Data entries:

•••

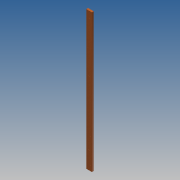
# Autodesk Inventor part: 2p2psv
Saved by Autodesk Inventor 2014 SP1 (Build 180222100, 222)
## iProperties
Created: 2013-09-03
Part Number: 2p2psv
Material: Wood (Cherry)
Document SubType Name: Modeling
Designer: David DeBoer
Mass: 3352.84 g
Surface Area: 5127.86 cm^2
Volume: 6705.68 cm^3
Density: 0.5 g/cm^3
Description: Pole stand vertical support
Appearance: Cherry - Natural Low Gloss
Author: Dave
Autodesk Inventor part; units mm, degrees
ref_plane "YZ Plane" through (0, 0, 0) normal (1, 0, 0) x (0, 1, 0)
ref_plane "XZ Plane" through (0, 0, 0) normal (0, 1, 0) x (-1, 0, 0)
ref_plane "XY Plane" through (0, 0, 0) normal (0, 0, 1) x (1, 0, 0)
sketch "Sketch1" plane through (0, 0, 0) normal (0, 1, 0) x (-1, 0, 0)
  line L0 (0, 0) -> (114, 0)
  line L1 (114, 0) -> (114, 38)
  line L2 (114, 38) -> (0, 38)
  line L3 (0, 38) -> (0, 0)
  dimension "d0" = 114
  dimension "d1" = 38
  constraints: 8 end point, 2 parallel, 1 horizontal, 1 perpendicular
  measures "d0" distance of L0.start L0.end
  measures "d1" distance of L2.end L0.start
extrude "Extrusion1" add sketch "Sketch1" along normal blind 2794
sketch "Sketch3" plane through (-114, 0, 38) normal (0, 0, 1) x (1, 0, 0)
  line L0 (0, 0) -> (114, 0) projected
  line L1 (0, 0) -> (0, 2794) projected
  circle A0 centre (28.5, 101.6) radius 5.7238
  circle A1 centre (85.5, 101.6) radius 5.7238
  circle A2 centre (28.5, 609.6) radius 5.7238
  circle A3 centre (85.5, 609.6) radius 5.7238
  dimension "d28" = 101.6
  dimension "d29" = 28.5
  dimension "d32" = 57
  dimension "d35" = 508
  constraints: 4 centre point, 1 horizontal, 1 vertical, 6 other
  measures "d28" distance from line of L0 A0.centre
  measures "d29" distance from line of A0.centre L1
  measures "d32" distance of A0.centre A1.centre
  measures "d35" distance of A0.centre A2.centre
hole "rimArm" at (-85.5, 609.6, 38) at (-28.5, 609.6, 38) at (-85.5, 101.6, 38) at (-28.5, 101.6, 38) direction (0, 0, -1) diameter 6.35 end through all
sketch "Sketch4" plane through (-114, 0, 38) normal (0, 0, 1) x (1, 0, 0)
  line L0 (0, 2794) -> (114, 2794) projected
  line L1 (0, 0) -> (0, 2794) projected
  circle A0 centre (28.5, 2774.95) radius 4.8454
  circle A1 centre (85.5, 2774.95) radius 4.8454
  circle A2 centre (28.5, 2139.95) radius 4.8454
  circle A3 centre (85.5, 2139.95) radius 4.8454
  dimension "d45" = 19.05
  dimension "d48" = 57
  dimension "d51" = 635
  dimension "d71" = 28.5
  constraints: 4 centre point, 1 horizontal, 1 vertical, 6 other
  measures "d45" distance from line of A0.centre L0
  measures "d48" distance of A0.centre A1.centre
  measures "d51" distance of A0.centre A2.centre
  measures "d71" distance from line of A0.centre L1
hole "screenArm" at (-85.5, 2774.95, 38) at (-28.5, 2774.95, 38) at (-28.5, 2139.95, 38) at (-85.5, 2139.95, 38) direction (0, 0, -1) diameter 6.7564 end through all clearance for "Flat Head Machine Screw (82)" size "1/4" standard "Ansi Unified Screw Threads"
sketch "Sketch5" plane through (-114, 0, 38) normal (0, 0, 1) x (1, 0, 0)
  line L0 (0, 0) -> (114, 0) projected
  line L1 (0, 2794) -> (114, 2794) projected
  circle A0 centre (57, 2667) radius 8.4367
  circle A1 centre (57, 1651) radius 12.5456
  circle A2 centre (57, 355.6) radius 11.5895
  line L2 (0, 0) -> (0, 2794) projected
  dimension "d61" = 127
  dimension "d62" = 355.6
  dimension "d70" = 1651
  dimension "d72" = 57
  dimension "d73" = 57
  dimension "d74" = 57
  constraints: 3 centre point
  measures "d61" distance from line of L1 A0.centre
  measures "d62" distance from line of L0 A2.centre
  measures "d70" distance from line of L0 A1.centre
  measures "d72" distance from line of A0.centre L2
  measures "d73" distance from line of A1.centre L2
  measures "d74" distance from line of A2.centre L2
hole "poleAttach" at (-57, 2667, 38) at (-57, 1651, 38) at (-57, 355.6, 38) direction (0, 0, -1) diameter 10.0838 end through all clearance for "Flat Head Machine Screw (82)" size "3/8" standard "Ansi Unified Screw Threads"
equation "\"d29\" = 0.25 * d0"
equation "\"d32\" = 0.5 * d0"
equation "\"d48\" = 0.5 * d0"
equation "\"d71\" = 0.25 * d0"
equation "\"d72\" = 0.5 * d0"
equation "\"d73\" = 0.5 * d0"
equation "\"d74\" = 0.5 * d0"
body "Solid1"
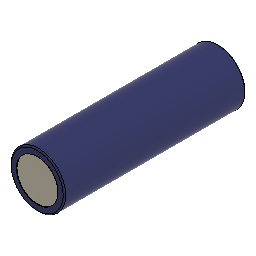
battery bank (Autodesk Fusion 360 archive; units mm, degrees)
design "27100 Battery"
Autodesk Fusion 360 part; units mm, degrees
sketch "Sketch1" plane through (0, 0, 0) normal (0, 1, 0) x (1, 0, 0)
  circle A0 centre (0, 0) radius 10.5
  dimension "d1" = 21
  constraint coincident A0.centre origin
  measures "d1" diameter of A0
extrude "Extrude2" add sketch "Sketch1" along normal blind 70
sketch "Sketch2" plane through (0, 0, 0) normal (0, -1, 0) x (1, 0, 0)
sketch "Sketch3" plane through (0, 0, 0) normal (0, -1, 0) x (1, 0, 0)
  circle A0 centre (0, 0) radius 10.5
  circle A1 centre (0, 0) radius 8
  dimension "d6" = 16
  constraint coincident A0.centre A1.centre
  measures "d6" diameter of A1
extrude "Extrude3" cut sketch "Sketch3" against normal blind 0.2 contours A1
sketch "Sketch4" plane through (0, 70, 0) normal (0, 1, 0) x (-1, 0, 0)
  circle A0 centre (0, 0) radius 10.5
  circle A1 centre (0, 0) radius 8
  circle A2 centre (0, 0) radius 7
  dimension "d9" = 16
  dimension "d10" = 14
  constraint concentric A0 A1
  constraint concentric A1 A2
  measures "d9" diameter of A1
  measures "d10" diameter of A2
extrude "Extrude4" cut sketch "Sketch4" against normal blind 3 contours A1
chamfer "Chamfer1" distance 0.5 distance2 3 1 edges at (6.5263, 70, -2.5313) measured on face at (1.3656, 70, -1.5351)
fillet "Fillet1" radius 0.5 1 edges at (-9.7894, 70, 3.797)
fillet "Fillet2" radius 0.5 1 edges at (-9.7894, 0, 3.797)
named bodies: "21700 battery"
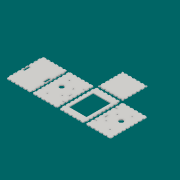
# Autodesk Inventor part: panelsWithKerf
Saved by Autodesk Inventor 2016 (Build 200138000, 138)
## iProperties
Created: 2016-09-07
Part Number: panelsWithKerf
Material: Generic
Document SubType Name: Modeling
Designer: sawaiz
Density: 1 g/cm^3
Appearance: Default
Author: sawaiz
Autodesk Inventor part; units mm, degrees
(part 1 of 2)
ref_plane "YZ Plane" through (0, 0, 0) normal (1, 0, 0) x (0, 1, 0)
ref_plane "XZ Plane" through (0, 0, 0) normal (0, 1, 0) x (-1, 0, 0)
ref_plane "XY Plane" through (0, 0, 0) normal (0, 0, 1) x (1, 0, 0)
sketch "Sketch2" plane through (0, 0, 0) normal (0, 0, 1) x (1, 0, 0)
  line L0 (-304.6687, 15) -> (-304.6687, -15) construction
  line L1 (-304.6687, -15) -> (-314.6687, -15) construction
  line L2 (-314.6687, -15) -> (-314.6687, 15) construction
  line L3 (-314.6687, 15) -> (-304.6687, 15) construction
  line L4 (-204.6687, 15) -> (-204.6687, -15) construction
  line L5 (-204.6687, -15) -> (-214.6687, -15) construction
  line L6 (-214.6687, -15) -> (-214.6687, 15) construction
  line L7 (-214.6687, 15) -> (-204.6687, 15) construction
  circle A0 centre (-316.4937, -50) radius 1.7 projected
  circle A1 centre (-316.4937, 50) radius 1.7 projected
  circle A2 centre (-202.8437, -50) radius 1.7 projected
  circle A3 centre (-202.8437, 50) radius 1.7 projected
  line L8 (-316.4937, 86.825) -> (-316.4937, 75) construction
  line L9 (-316.4937, 75) -> (-319.6687, 75) construction
  line L10 (-319.6687, 75) -> (-319.6687, 65) construction
  line L11 (-319.6687, 65) -> (-316.4937, 65) construction
  line L12 (-316.4937, 65) -> (-316.4937, 55) construction
  line L13 (-316.4937, 55) -> (-319.6687, 55) construction
  line L14 (-319.6687, 55) -> (-319.6687, 45) construction
  line L15 (-319.6687, 45) -> (-316.4937, 45) construction
  line L16 (-316.4937, 45) -> (-316.4937, 35) construction
  line L17 (-316.4937, 35) -> (-319.6687, 35) construction
  line L18 (-319.6687, 35) -> (-319.6687, 25) construction
  line L19 (-319.6687, 25) -> (-316.4937, 25) construction
  line L20 (-316.4937, 25) -> (-316.4937, 15) construction
  line L21 (-316.4937, 15) -> (-319.6687, 15) construction
  line L22 (-319.6687, 15) -> (-319.6687, 5) construction
  line L23 (-319.6687, 5) -> (-316.4937, 5) construction
  line L24 (-316.4937, 5) -> (-316.4937, -5) construction
  line L25 (-316.4937, -5) -> (-319.6687, -5) construction
  line L26 (-319.6687, -5) -> (-319.6687, -15) construction
  line L27 (-319.6687, -15) -> (-316.4937, -15) construction
  line L28 (-316.4937, -15) -> (-316.4937, -25) construction
  line L29 (-316.4937, -25) -> (-319.6687, -25) construction
  line L30 (-319.6687, -25) -> (-319.6687, -35) construction
  line L31 (-319.6687, -35) -> (-316.4937, -35) construction
  line L32 (-316.4937, -35) -> (-316.4937, -45) construction
  line L33 (-316.4937, -45) -> (-319.6687, -45) construction
  line L34 (-319.6687, -45) -> (-319.6687, -55) construction
  line L35 (-319.6687, -55) -> (-316.4937, -55) construction
  line L36 (-316.4937, -55) -> (-316.4937, -65) construction
  line L37 (-316.4937, -65) -> (-319.6687, -65) construction
  line L38 (-319.6687, -65) -> (-319.6687, -75) construction
  line L39 (-319.6687, -75) -> (-316.4937, -75) construction
  line L40 (-316.4937, -75) -> (-316.4937, -86.825) construction
  line L41 (-316.4937, -86.825) -> (-314.6687, -86.825) construction
  line L42 (-314.6687, -86.825) -> (-314.6687, -90) construction
  line L43 (-314.6687, -90) -> (-304.6687, -90) construction
  line L44 (-304.6687, -90) -> (-304.6687, -86.825) construction
  line L45 (-304.6687, -86.825) -> (-294.6687, -86.825) construction
  line L46 (-294.6687, -86.825) -> (-294.6687, -90) construction
  line L47 (-294.6687, -90) -> (-284.6687, -90) construction
  line L48 (-284.6687, -90) -> (-284.6687, -86.825) construction
  line L49 (-284.6687, -86.825) -> (-274.6687, -86.825) construction
  line L50 (-274.6687, -86.825) -> (-274.6687, -90) construction
  line L51 (-274.6687, -90) -> (-264.6687, -90) construction
  line L52 (-264.6687, -90) -> (-264.6687, -86.825) construction
  line L53 (-264.6687, -86.825) -> (-254.6687, -86.825) construction
  line L54 (-254.6687, -86.825) -> (-254.6687, -90) construction
  line L55 (-254.6687, -90) -> (-244.6687, -90) construction
  line L56 (-244.6687, -90) -> (-244.6687, -86.825) construction
  line L57 (-244.6687, -86.825) -> (-234.6687, -86.825) construction
  line L58 (-234.6687, -86.825) -> (-234.6687, -90) construction
  line L59 (-234.6687, -90) -> (-224.6687, -90) construction
  line L60 (-224.6687, -90) -> (-224.6687, -86.825) construction
  line L61 (-224.6687, -86.825) -> (-214.6687, -86.825) construction
  line L62 (-214.6687, -86.825) -> (-214.6687, -90) construction
  line L63 (-214.6687, -90) -> (-204.6687, -90) construction
  line L64 (-204.6687, -90) -> (-204.6687, -86.825) construction
  line L65 (-204.6687, -86.825) -> (-202.8437, -86.825) construction
  line L66 (-202.8437, -86.825) -> (-202.8437, -75) construction
  line L67 (-202.8437, -75) -> (-199.6687, -75) construction
  line L68 (-199.6687, -75) -> (-199.6687, -65) construction
  line L69 (-199.6687, -65) -> (-202.8437, -65) construction
  line L70 (-202.8437, -65) -> (-202.8437, -55) construction
  line L71 (-202.8437, -55) -> (-199.6687, -55) construction
  line L72 (-199.6687, -55) -> (-199.6687, -45) construction
  line L73 (-199.6687, -45) -> (-202.8437, -45) construction
  line L74 (-202.8437, -45) -> (-202.8437, -35) construction
  line L75 (-202.8437, -35) -> (-199.6687, -35) construction
  line L76 (-199.6687, -35) -> (-199.6687, -25) construction
  line L77 (-199.6687, -25) -> (-202.8437, -25) construction
  line L78 (-202.8437, -25) -> (-202.8437, -15) construction
  line L79 (-202.8437, -15) -> (-199.6687, -15) construction
  line L80 (-199.6687, -15) -> (-199.6687, -5) construction
  line L81 (-199.6687, -5) -> (-202.8437, -5) construction
  line L82 (-202.8437, -5) -> (-202.8437, 5) construction
  line L83 (-202.8437, 5) -> (-199.6687, 5) construction
  line L84 (-199.6687, 5) -> (-199.6687, 15) construction
  line L85 (-199.6687, 15) -> (-202.8437, 15) construction
  line L86 (-202.8437, 15) -> (-202.8437, 25) construction
  line L87 (-202.8437, 25) -> (-199.6687, 25) construction
  line L88 (-199.6687, 25) -> (-199.6687, 35) construction
  line L89 (-199.6687, 35) -> (-202.8437, 35) construction
  line L90 (-202.8437, 35) -> (-202.8437, 45) construction
  line L91 (-202.8437, 45) -> (-199.6687, 45) construction
  line L92 (-199.6687, 45) -> (-199.6687, 55) construction
  line L93 (-199.6687, 55) -> (-202.8437, 55) construction
  line L94 (-202.8437, 55) -> (-202.8437, 65) construction
  line L95 (-202.8437, 65) -> (-199.6687, 65) construction
  line L96 (-199.6687, 65) -> (-199.6687, 75) construction
  line L97 (-199.6687, 75) -> (-202.8437, 75) construction
  line L98 (-202.8437, 75) -> (-202.8437, 86.825) construction
  line L99 (-202.8437, 86.825) -> (-204.6687, 86.825) construction
  line L100 (-204.6687, 86.825) -> (-204.6687, 90) construction
  line L101 (-204.6687, 90) -> (-214.6687, 90) construction
  line L102 (-214.6687, 90) -> (-214.6687, 86.825) construction
  line L103 (-214.6687, 86.825) -> (-224.6687, 86.825) construction
  line L104 (-224.6687, 86.825) -> (-224.6687, 90) construction
  line L105 (-224.6687, 90) -> (-234.6687, 90) construction
  line L106 (-234.6687, 90) -> (-234.6687, 86.825) construction
  line L107 (-234.6687, 86.825) -> (-244.6687, 86.825) construction
  line L108 (-244.6687, 86.825) -> (-244.6687, 90) construction
  line L109 (-244.6687, 90) -> (-254.6687, 90) construction
  line L110 (-254.6687, 90) -> (-254.6687, 86.825) construction
  line L111 (-254.6687, 86.825) -> (-264.6687, 86.825) construction
  line L112 (-264.6687, 86.825) -> (-264.6687, 90) construction
  line L113 (-264.6687, 90) -> (-274.6687, 90) construction
  line L114 (-274.6687, 90) -> (-274.6687, 86.825) construction
  line L115 (-274.6687, 86.825) -> (-284.6687, 86.825) construction
  line L116 (-284.6687, 86.825) -> (-284.6687, 90) construction
  line L117 (-284.6687, 90) -> (-294.6687, 90) construction
  line L118 (-294.6687, 90) -> (-294.6687, 86.825) construction
  line L119 (-294.6687, 86.825) -> (-304.6687, 86.825) construction
  line L120 (-304.6687, 86.825) -> (-304.6687, 90) construction
  line L121 (-304.6687, 90) -> (-314.6687, 90) construction
  line L122 (-314.6687, 90) -> (-314.6687, 86.825) construction
  line L123 (-314.6687, 86.825) -> (-316.4937, 86.825) construction
  line L124 (-87.1256, -13.335) -> (-90.9356, -13.335) projected
  line L125 (-90.9356, -13.335) -> (-90.9356, -1.905) projected
  line L126 (-90.9356, -1.905) -> (-87.1256, -1.905) projected
  line L127 (-87.1256, -1.905) -> (-87.1256, -13.335) projected
  circle A4 centre (-92.8406, -15.24) radius 1.078 projected
  circle A5 centre (-85.2206, 0) radius 1.078 projected
  circle A6 centre (-85.2206, -15.24) radius 1.078 projected
  circle A7 centre (-92.8406, 0) radius 1.078 projected
  line L128 (-76.1156, -48.5) -> (-74.1156, -48.5) construction
  line L129 (-74.1156, -48.5) -> (-74.1156, -45) construction
  line L130 (-74.1156, -45) -> (-70.9406, -45) construction
  line L131 (-70.9406, -45) -> (-70.9406, -35) construction
  line L132 (-70.9406, -35) -> (-74.1156, -35) construction
  line L133 (-74.1156, -35) -> (-74.1156, -25) construction
  line L134 (-74.1156, -25) -> (-70.9406, -25) construction
  line L135 (-70.9406, -25) -> (-70.9406, -15) construction
  line L136 (-70.9406, -15) -> (-74.1156, -15) construction
  line L137 (-74.1156, -15) -> (-74.1156, -5) construction
  line L138 (-74.1156, -5) -> (-70.9406, -5) construction
  line L139 (-70.9406, -5) -> (-70.9406, 5) construction
  line L140 (-70.9406, 5) -> (-74.1156, 5) construction
  line L141 (-74.1156, 5) -> (-74.1156, 15) construction
  line L142 (-74.1156, 15) -> (-70.9406, 15) construction
  line L143 (-70.9406, 15) -> (-70.9406, 25) construction
  line L144 (-70.9406, 25) -> (-74.1156, 25) construction
  line L145 (-74.1156, 25) -> (-74.1156, 35) construction
  line L146 (-74.1156, 35) -> (-70.9406, 35) construction
  line L147 (-70.9406, 35) -> (-70.9406, 45) construction
  line L148 (-70.9406, 45) -> (-74.1156, 45) construction
  line L149 (-74.1156, 45) -> (-74.1156, 48.5) construction
  line L150 (-74.1156, 48.5) -> (-76.1156, 48.5) construction
  line L151 (-76.1156, 48.5) -> (-76.1156, 47.25) construction
  line L152 (-76.1156, 47.25) -> (-78.6156, 47.25) construction
  line L153 (-78.6156, 47.25) -> (-78.6156, 48.5) construction
  line L154 (-78.6156, 48.5) -> (-84.9406, 48.5) construction
  line L155 (-84.9406, 48.5) -> (-84.9406, 51.5) construction
  line L156 (-84.9406, 51.5) -> (-78.6156, 51.5) construction
  line L157 (-78.6156, 51.5) -> (-78.6156, 52.75) construction
  line L158 (-78.6156, 52.75) -> (-76.1156, 52.75) construction
  line L159 (-76.1156, 52.75) -> (-76.1156, 51.5) construction
  line L160 (-76.1156, 51.5) -> (-74.1156, 51.5) construction
  line L161 (-74.1156, 51.5) -> (-74.1156, 55) construction
  line L162 (-74.1156, 55) -> (-70.9406, 55) construction
  line L163 (-70.9406, 55) -> (-70.9406, 65) construction
  line L164 (-70.9406, 65) -> (-74.1156, 65) construction
  line L165 (-74.1156, 65) -> (-74.1156, 75) construction
  line L166 (-74.1156, 75) -> (-70.9406, 75) construction
  line L167 (-70.9406, 75) -> (-70.9406, 86.825) construction
  line L168 (-75.9406, 86.825) -> (-70.9406, 86.825) construction
  line L169 (-75.9406, 90) -> (-75.9406, 86.825) construction
  line L170 (-85.9406, 90) -> (-75.9406, 90) construction
  line L171 (-85.9406, 86.825) -> (-85.9406, 90) construction
  line L172 (-85.9406, 86.825) -> (-95.9406, 86.825) construction
  line L173 (-95.9406, 90) -> (-95.9406, 86.825) construction
  line L174 (-105.9406, 90) -> (-95.9406, 90) construction
  line L175 (-105.9406, 86.825) -> (-105.9406, 90) construction
  line L176 (-105.9406, 86.825) -> (-115.9406, 86.825) construction
  line L177 (-115.9406, 90) -> (-115.9406, 86.825) construction
  line L178 (-125.9406, 90) -> (-115.9406, 90) construction
  line L179 (-125.9406, 86.825) -> (-125.9406, 90) construction
  line L180 (-125.9406, 86.825) -> (-135.9406, 86.825) construction
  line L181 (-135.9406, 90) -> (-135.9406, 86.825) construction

•••

→ What you need to do: In the records above, how many lines contain the word "point"? State only the number.

→ Result of the exercise: 4